__What you will do__
The required answer is a copy of each line in the entries below that includes "start".

[Stored data entries]
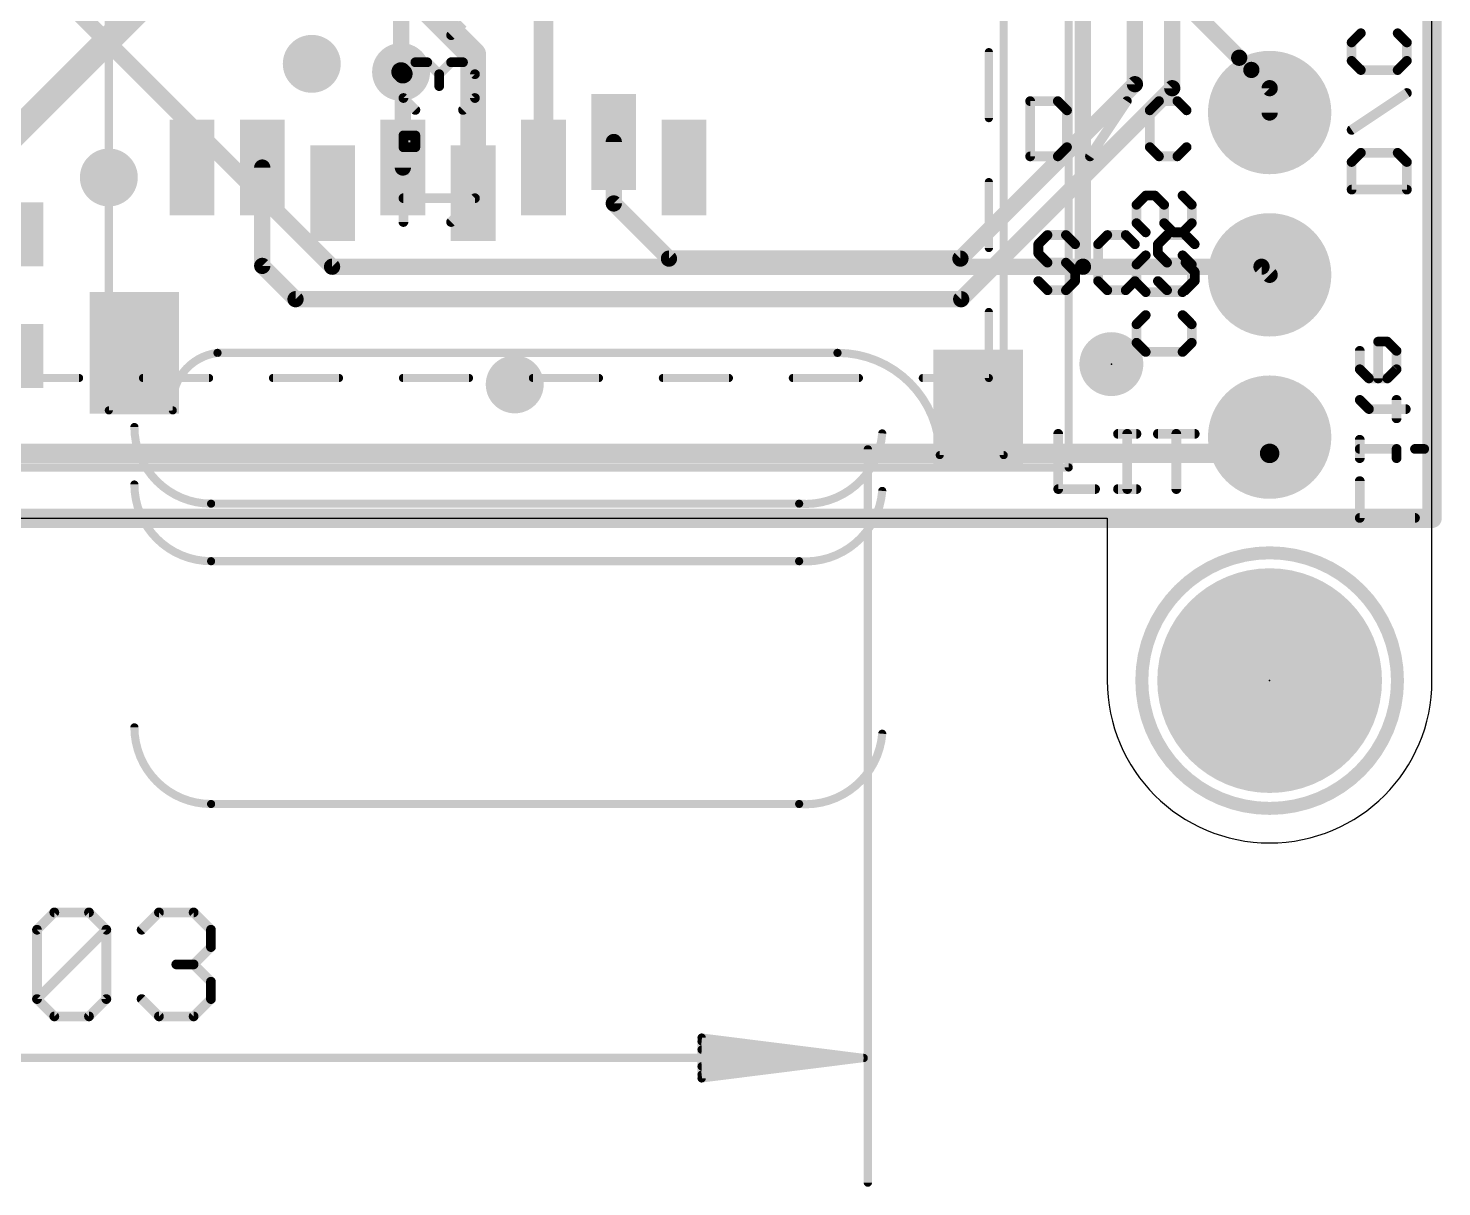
# Model space of a CAD drawing. Extents: x -7.4 to 35.7, y -10.5 to 36.3.
# Drawn here: x 13.6 to 35.71, y -10.46 to 7.67 of the extents above; entities that cross this region are included whole.
import ezdxf

# ---------------------------------------------------------------- set-up
doc = ezdxf.new("R2010")
doc.units = 0
for name, color, linetype in [('1', 12, 'CONTINUOUS'), ('16', 5, 'CONTINUOUS'), ('17', 110, 'CONTINUOUS'), ('18', 110, 'CONTINUOUS'), ('20', 53, 'CONTINUOUS'), ('21', 40, 'CONTINUOUS'), ('22', 6, 'CONTINUOUS'), ('23', 53, 'CONTINUOUS'), ('47', 253, 'CONTINUOUS'), ('51', 253, 'CONTINUOUS')]:
    doc.layers.add(name, color=color, linetype=linetype)

# ---------------------------------------------------------------- blocks, each defined once
blk = doc.blocks.new('RECT')
blk.add_solid([(-0.5, -0.5), (0.5, -0.5), (-0.5, 0.5), (0.5, 0.5)])
blk = doc.blocks.new('ROUNDP')
at = {"const_width": 0.5}
blk.add_lwpolyline([(0, -0.25, 1), (0, 0.25, 1), (0, -0.25)], format="xyb", dxfattribs=at)
blk = doc.blocks.new('PIE')
at = {"const_width": 0.5}
blk.add_lwpolyline([(0, -0.25, 1), (0, 0.25, 1), (0, -0.25)], format="xyb", dxfattribs=at)
blk = doc.blocks.new('ROUNDV')
at = {"const_width": 0.5}
blk.add_lwpolyline([(0, -0.25, 1), (0, 0.25, 1), (0, -0.25)], format="xyb", dxfattribs=at)

msp = doc.modelspace()

# ---------------------------------------------------------------- linework, layer by layer
at = {"layer": '1'}
for points, const_width in [([(35.56, 27.94), (35.56, 0)], 0.3048), ([(30.9118, 6.7934), (30.9118, 20.1422)], 0.254), ([(31.496, 6.731), (31.496, 14.986)], 0.254), ([(13.335, 5.969), (15.494, 8.128)], 0.4064), ([(19.685, 8.128), (20.559, 7.254)], 0.4064), ([(21.659, 5.489), (21.659, 8.001)], 0.3048), ([(20.559, 7.254), (20.559, 5.089)], 0.4064), ([(19.459, 6.957), (19.431, 6.985)], 0.3048), ([(19.459, 5.489), (19.459, 6.957)], 0.254), ([(28.1824, 4.064), (30.9118, 6.7934)], 0.254), ([(28.194, 3.429), (31.496, 6.731)], 0.254), ([(22.759, 5.889), (22.759, 4.927)], 0.254), ([(17.259, 5.489), (17.259, 3.95)], 0.254), ([(22.759, 4.927), (23.622, 4.064)], 0.254), ([(17.259, 3.95), (17.78, 3.429)], 0.254), ([(23.622, 4.064), (28.1824, 4.064)], 0.254), ([(17.78, 3.429), (28.194, 3.429)], 0.254), ([(35.56, 0), (0, 0)], 0.3048)]:
    msp.add_lwpolyline(points, dxfattribs=dict(at, const_width=const_width))
for points, const_width in [([(20.6606, 7.254, 1), (20.4574, 7.254)], 0.2032), ([(20.4872, 7.1822, 1), (20.6308, 7.3258)], 0.2032), ([(19.4849, 7.0389, 1), (19.3771, 6.9311)], 0.1524), ([(19.4051, 6.9031, 1), (19.5129, 7.0109)], 0.1524), ([(19.5225, 6.957, 1), (19.3955, 6.957)], 0.127), ([(30.8483, 6.7934, 1), (30.9753, 6.7934)], 0.127), ([(30.9567, 6.7485, 1), (30.8669, 6.8383)], 0.127), ([(31.5409, 6.6861, 1), (31.4511, 6.7759)], 0.127), ([(31.4325, 6.731, 1), (31.5595, 6.731)], 0.127), ([(22.8225, 5.889, 1), (22.6955, 5.889)], 0.127), ([(17.3225, 5.489, 1), (17.1955, 5.489)], 0.127), ([(19.3955, 5.489, 1), (19.5225, 5.489)], 0.127), ([(21.5828, 5.489, 1), (21.7352, 5.489)], 0.1524), ([(20.4574, 5.089, 1), (20.6606, 5.089)], 0.2032), ([(22.8039, 4.9719, 1), (22.7141, 4.8821)], 0.127), ([(22.6955, 4.927, 1), (22.8225, 4.927)], 0.127), ([(17.3039, 3.9949, 1), (17.2141, 3.9051)], 0.127), ([(17.1955, 3.95, 1), (17.3225, 3.95)], 0.127), ([(23.622, 4.1275, 1), (23.622, 4.0005)], 0.127), ([(23.5771, 4.0191, 1), (23.6669, 4.1089)], 0.127), ([(28.1375, 4.1089, 1), (28.2273, 4.0191)], 0.127), ([(28.1824, 4.0005, 1), (28.1824, 4.1275)], 0.127), ([(17.78, 3.4925, 1), (17.78, 3.3655)], 0.127), ([(28.194, 3.3655, 1), (28.194, 3.4925)], 0.127), ([(17.7351, 3.3841, 1), (17.8249, 3.4739)], 0.127), ([(28.1491, 3.4739, 1), (28.2389, 3.3841)], 0.127), ([(35.4838, 0, 1), (35.6362, 0)], 0.1524), ([(35.56, -0.0762, 1), (35.56, 0.0762)], 0.1524)]:
    msp.add_lwpolyline(points, format="xyb", dxfattribs=dict(at, const_width=const_width))
at = {"layer": '16'}
for points, const_width in [([(35.56, 27.94), (35.56, 0)], 0.3048), ([(19.431, 6.985), (19.431, 17.567)], 0.254), ([(32.5438, 7.2073), (29.464, 10.287)], 0.254), ([(13.335, 8.9535), (18.3515, 3.937)], 0.254), ([(30.0986, 8.1276), (30.0986, 3.9374)], 0.254), ([(32.7343, 7.0168), (32.5438, 7.2073)], 0.254), ([(33.02, 6.731), (32.7343, 7.0168)], 0.254), ([(33.02, 6.35), (33.02, 6.731)], 0.254), ([(18.3515, 3.937), (30.099, 3.937)], 0.254), ([(30.0986, 3.9374), (30.099, 3.937)], 0.254), ([(30.099, 3.937), (32.893, 3.937)], 0.254), ([(32.893, 3.937), (33.02, 3.81)], 0.254), ([(33.02, 1.27), (33.02, 1.016)], 0.3048), ([(33.02, 1.016), (11.303, 1.016)], 0.3048), ([(33.02, 1.016), (33.02, 1.016)], 0.3048), ([(35.56, 0), (0, 0)], 0.3048)]:
    msp.add_lwpolyline(points, dxfattribs=dict(at, const_width=const_width))
for points, const_width in [([(32.5887, 7.2522, 1), (32.4988, 7.1623)], 0.127), ([(32.4988, 7.1623, 1), (32.5887, 7.2522)], 0.127), ([(32.7792, 7.0617, 1), (32.6893, 6.9718)], 0.127), ([(32.6893, 6.9718, 1), (32.7792, 7.0617)], 0.127), ([(19.3675, 6.985, 1), (19.4945, 6.985)], 0.127), ([(33.0835, 6.731, 1), (32.9565, 6.731)], 0.127), ([(32.9751, 6.6861, 1), (33.0649, 6.7759)], 0.127), ([(32.9565, 6.35, 1), (33.0835, 6.35)], 0.127), ([(18.3515, 4.0005, 1), (18.3515, 3.8735)], 0.127), ([(18.3066, 3.8921, 1), (18.3964, 3.9819)], 0.127), ([(30.1435, 3.9823, 1), (30.0537, 3.8925)], 0.127), ([(30.0351, 3.9374, 1), (30.1621, 3.9374)], 0.127), ([(30.099, 4.0005, 1), (30.099, 3.8735)], 0.127), ([(30.0541, 3.8921, 1), (30.1439, 3.9819)], 0.127), ([(30.099, 3.8735, 1), (30.099, 4.0005)], 0.127), ([(32.9379, 3.9819, 1), (32.8481, 3.8921)], 0.127), ([(32.893, 3.8735, 1), (32.893, 4.0005)], 0.127), ([(32.9751, 3.7651, 1), (33.0649, 3.8549)], 0.127), ([(33.0962, 1.27, 1), (32.9438, 1.27)], 0.1524), ([(32.9661, 1.0699, 1), (33.0739, 0.9621)], 0.1524), ([(33.0739, 0.9621, 1), (32.9661, 1.0699)], 0.1524), ([(33.02, 0.9398, 1), (33.02, 1.0922)], 0.1524), ([(32.9438, 1.016, 1), (33.0962, 1.016)], 0.1524), ([(35.4838, 0, 1), (35.6362, 0)], 0.1524), ([(35.56, -0.0762, 1), (35.56, 0.0762)], 0.1524)]:
    msp.add_lwpolyline(points, format="xyb", dxfattribs=dict(at, const_width=const_width))
at = {"layer": '20'}
for p, q in [((35.56, -2.54), (35.56, 30.48)), ((5.08, 0), (30.48, 0)), ((30.48, 0), (30.48, -2.54))]:
    msp.add_line(p, q, dxfattribs=at)
for start, end in [(180, 270), (270, 0)]:
    msp.add_arc((33.02, -2.54), 2.54, start, end, dxfattribs=at)
at = {"layer": '21'}
for points, const_width in [([(14.859, 16.089), (14.859, 1.689)], 0.127), ([(28.859, 0.989), (28.859, 16.089)], 0.127), ([(29.2736, 6.5285), (29.2736, 5.6642)], 0.1524), ([(29.7058, 6.5285), (29.2736, 6.5285)], 0.1524), ([(29.8499, 6.3845), (29.7058, 6.5285)], 0.1524), ([(29.8499, 5.8083), (29.8499, 6.3845)], 0.1524), ([(30.2092, 5.6642), (30.7854, 6.5285)], 0.1524), ([(31.2887, 6.5285), (31.1447, 6.3845)], 0.1524), ([(31.1447, 6.3845), (31.1447, 5.8083)], 0.1524), ([(31.5769, 6.5285), (31.2887, 6.5285)], 0.1524), ([(31.7209, 6.3845), (31.5769, 6.5285)], 0.1524), ([(29.7058, 5.6642), (29.8499, 5.8083)], 0.1524), ([(31.1447, 5.8083), (31.2887, 5.6642)], 0.1524), ([(31.5769, 5.6642), (31.7209, 5.8083)], 0.1524), ([(29.2736, 5.6642), (29.7058, 5.6642)], 0.1524), ([(31.2887, 5.6642), (31.5769, 5.6642)], 0.1524), ([(29.5447, 4.433), (29.4006, 4.289)], 0.1524), ([(29.8328, 4.433), (29.5447, 4.433)], 0.1524), ([(29.9769, 4.289), (29.8328, 4.433)], 0.1524), ([(30.4802, 4.433), (30.3362, 4.289)], 0.1524), ([(30.7683, 4.433), (30.4802, 4.433)], 0.1524), ([(30.9124, 4.289), (30.7683, 4.433)], 0.1524), ([(31.4157, 4.433), (31.2717, 4.289)], 0.1524), ([(31.7039, 4.433), (31.4157, 4.433)], 0.1524), ([(31.8479, 4.289), (31.7039, 4.433)], 0.1524), ([(29.4006, 4.289), (29.4006, 4.1449)], 0.1524), ([(29.4006, 4.1449), (29.5447, 4.0009)], 0.1524), ([(30.3362, 4.289), (30.3362, 3.7128)], 0.1524), ([(31.2717, 4.289), (31.2717, 4.1449)], 0.1524), ([(31.2717, 4.1449), (31.4157, 4.0009)], 0.1524), ([(29.5447, 4.0009), (29.8328, 4.0009)], 0.1524), ([(29.8328, 4.0009), (29.9769, 3.8568)], 0.1524), ([(31.4157, 4.0009), (31.7039, 4.0009)], 0.1524), ([(31.7039, 4.0009), (31.8479, 3.8568)], 0.1524), ([(29.5447, 3.5687), (29.4006, 3.7128)], 0.1524), ([(29.9769, 3.7128), (29.8328, 3.5687)], 0.1524), ([(29.9769, 3.8568), (29.9769, 3.7128)], 0.1524), ([(30.3362, 3.7128), (30.4802, 3.5687)], 0.1524), ([(30.7683, 3.5687), (30.9124, 3.7128)], 0.1524), ([(31.4157, 3.5687), (31.2717, 3.7128)], 0.1524), ([(31.8479, 3.7128), (31.7039, 3.5687)], 0.1524), ([(31.8479, 3.8568), (31.8479, 3.7128)], 0.1524), ([(29.8328, 3.5687), (29.5447, 3.5687)], 0.1524), ([(30.4802, 3.5687), (30.7683, 3.5687)], 0.1524), ([(31.7039, 3.5687), (31.4157, 3.5687)], 0.1524), ([(16.559, 2.589), (26.259, 2.589)], 0.127), ([(14.859, 1.689), (15.859, 1.689)], 0.127), ([(29.7125, 1.3215), (29.7125, 0.4572)], 0.1524), ([(30.648, 1.3215), (30.9361, 1.3215)], 0.1524), ([(30.7921, 0.4572), (30.7921, 1.3215)], 0.1524), ([(31.2717, 1.3215), (31.8479, 1.3215)], 0.1524), ([(31.5598, 0.4572), (31.5598, 1.3215)], 0.1524), ([(27.859, 0.989), (28.859, 0.989)], 0.127), ([(29.7125, 0.4572), (30.2887, 0.4572)], 0.1524), ([(30.648, 0.4572), (30.9361, 0.4572)], 0.1524), ([(16.459, 0.229), (25.659, 0.229)], 0.127), ([(16.459, -0.671), (25.659, -0.671)], 0.127), ([(16.459, -4.471), (25.659, -4.471)], 0.127)]:
    msp.add_lwpolyline(points, dxfattribs=dict(at, const_width=const_width))
for points, const_width in [([(29.3117, 6.5285, 1), (29.2355, 6.5285)], 0.0762), ([(29.2736, 6.5666, 1), (29.2736, 6.4904)], 0.0762), ([(29.7328, 6.5555, 1), (29.6789, 6.5016)], 0.0762), ([(29.7058, 6.4904, 1), (29.7058, 6.5666)], 0.0762), ([(29.888, 6.3845, 1), (29.8118, 6.3845)], 0.0762), ([(29.8229, 6.3575, 1), (29.8768, 6.4114)], 0.0762), ([(30.8171, 6.5074, 1), (30.7537, 6.5497)], 0.0762), ([(31.1177, 6.4114, 1), (31.1716, 6.3575)], 0.0762), ([(31.1828, 6.3845, 1), (31.1066, 6.3845)], 0.0762), ([(31.2887, 6.5666, 1), (31.2887, 6.4904)], 0.0762), ([(31.3157, 6.5016, 1), (31.2618, 6.5555)], 0.0762), ([(31.6038, 6.5555, 1), (31.5499, 6.5016)], 0.0762), ([(31.5769, 6.4904, 1), (31.5769, 6.5666)], 0.0762), ([(31.694, 6.3575, 1), (31.7478, 6.4114)], 0.0762), ([(29.8118, 5.8083, 1), (29.888, 5.8083)], 0.0762), ([(29.8768, 5.7813, 1), (29.8229, 5.8352)], 0.0762), ([(31.1716, 5.8352, 1), (31.1177, 5.7813)], 0.0762), ([(31.1066, 5.8083, 1), (31.1828, 5.8083)], 0.0762), ([(31.7478, 5.7813, 1), (31.694, 5.8352)], 0.0762), ([(29.2736, 5.7023, 1), (29.2736, 5.6261)], 0.0762), ([(29.2355, 5.6642, 1), (29.3117, 5.6642)], 0.0762), ([(29.6789, 5.6911, 1), (29.7328, 5.6373)], 0.0762), ([(29.7058, 5.6261, 1), (29.7058, 5.7023)], 0.0762), ([(30.1775, 5.6853, 1), (30.2409, 5.6431)], 0.0762), ([(31.2887, 5.7023, 1), (31.2887, 5.6261)], 0.0762), ([(31.2618, 5.6373, 1), (31.3157, 5.6911)], 0.0762), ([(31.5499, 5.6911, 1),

__Response for this exercise__
for start, end in [(180, 270), (270, 0)]:
    msp.add_arc((33.02, -2.54), 2.54, start, end, dxfattribs=at)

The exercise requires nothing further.